ACCADEMIA DI BELLE ARTI

CATTEDRA DI STORIA DELL’ARTE

Ch.ma Prof.ssa MADDALENA VECCHI

REGGIO CALABRIA

Stud. Marino Piervalentino

Corso di Scenografia – Anno 3°

Anno Accademico 2006-07

Lucio Fontana e Alberto Burri sono due nomi che spiccano nella storia dell’arte contemporanea per avere rivalutato pur nel calibro del loro estro comunicativo ed eclettico lo spazio e la materia sino a farle assurgere a motivo di vita e di perenne rigenerazione alle fonti dell’essere.

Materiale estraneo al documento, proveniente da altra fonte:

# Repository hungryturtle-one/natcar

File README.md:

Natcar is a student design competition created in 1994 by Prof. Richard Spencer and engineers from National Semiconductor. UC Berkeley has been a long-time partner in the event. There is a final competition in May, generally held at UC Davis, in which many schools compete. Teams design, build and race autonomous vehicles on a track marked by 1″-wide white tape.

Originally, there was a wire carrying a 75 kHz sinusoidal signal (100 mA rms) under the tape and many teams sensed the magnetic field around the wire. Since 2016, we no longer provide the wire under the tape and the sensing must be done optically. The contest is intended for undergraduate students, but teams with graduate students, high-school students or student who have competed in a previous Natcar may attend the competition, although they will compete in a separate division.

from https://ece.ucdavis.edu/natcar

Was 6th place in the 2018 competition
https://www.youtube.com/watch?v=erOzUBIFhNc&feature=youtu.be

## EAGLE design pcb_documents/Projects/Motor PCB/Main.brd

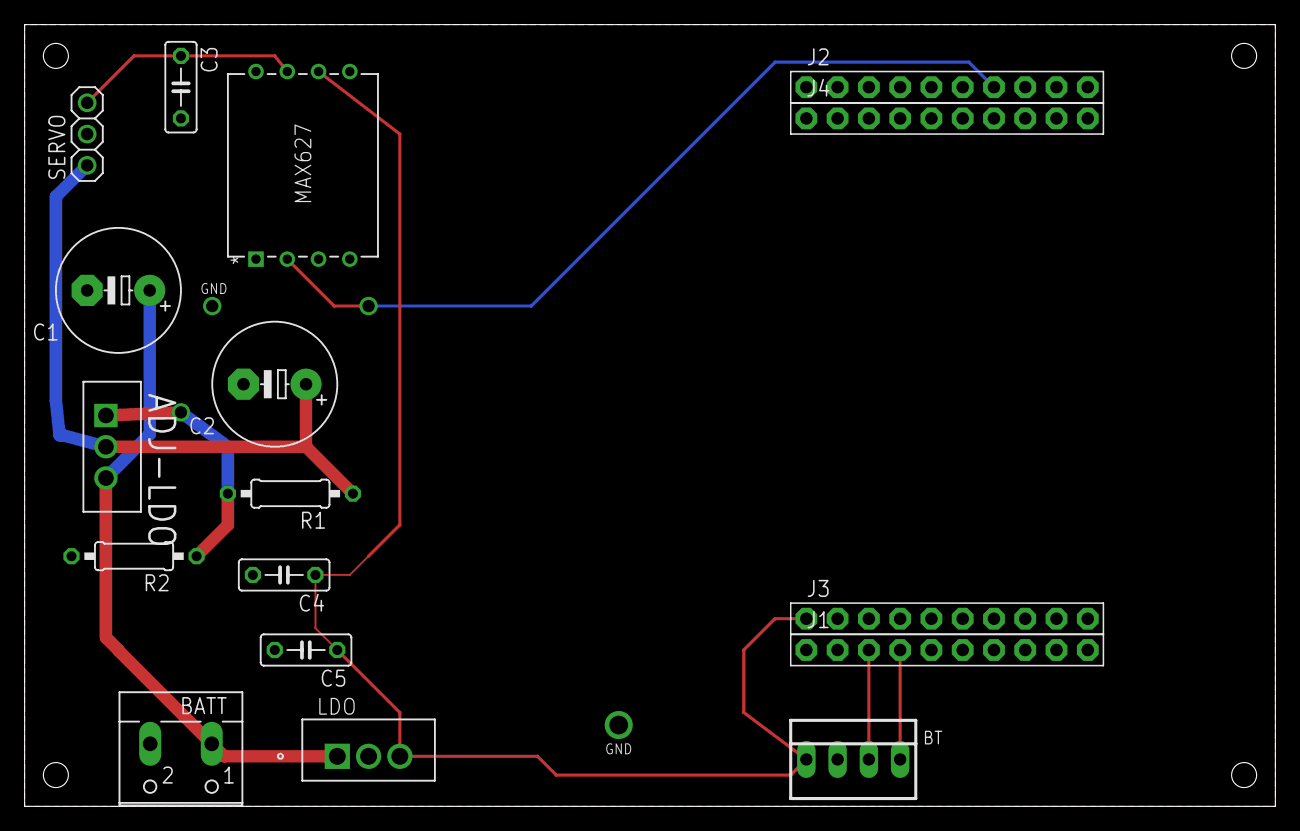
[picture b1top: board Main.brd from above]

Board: 2 copper layers, 101.6 x 63.5 mm, 17 parts (0 on the bottom side), 9 nets.

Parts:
ADJ-LDO: LM1086; TO254P470X1016X2222-3P
BATT: W237-102
BT: 22-23-2041
C1, C2: 10uF; E5-10,5
C3: 1000pF; C050-025X075
C4: 4.7uF; C050-025X075
C5: 0.1uF; C050-025X075
J1, J2, J3, J4: PINHD-1X10; 1X10-BIG
LDO: LM2940T-5.0/NOPB; T03B
MAX627: MAX627CPA; 21-0044B_8
R1: 150; 0207/10
R2: 560; 0207/10
SERVO: 1X03

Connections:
5V: BT.1, C4.1, C5.1, J3.1, LDO.3, MAX627.6
6.0V: ADJ-LDO.2, C2.+, R1.1, SERVO.1
7.2V: ADJ-LDO.3, BATT.1, C1.+, LDO.1
GND: BATT.2, BT.2, C1.-, C2.-, C3.2, C4.2, C5.2, J2.1, J3.2, LDO.2, MAX627.3, MAX627.4, R2.2, SERVO.2
unnamed: BT.3, J1.3
unnamed: BT.4, J1.4
unnamed: ADJ-LDO.1, R1.2, R2.1
PWMIN: J2.7, MAX627.2
PWMOUT: C3.1, MAX627.7, SERVO.3

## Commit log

2020-06-23 added added main from natcar project
2020-06-23 cleanup code
2020-06-23 added pcb documents
2020-06-23 diagram of steering control

E’ congeniale a questo scopo soffermarsi un po’ sulla loro vita per trarre da questo elemento ogni considerazione utile a spiegare le suggestioni e il valore della loro arte. Possiamo ora premettere che sia per Fontana che per Burri la loro vita manifestò un susseguirsi convinto di adesioni formali ora a questo ora a quel movimento (espressionismo, surrealismo, astrattismo, spazialità metafisica, etc.) tanto da portare l’artista ad una rielaborazione creativa e spontanea di antichi motivi e suggestioni.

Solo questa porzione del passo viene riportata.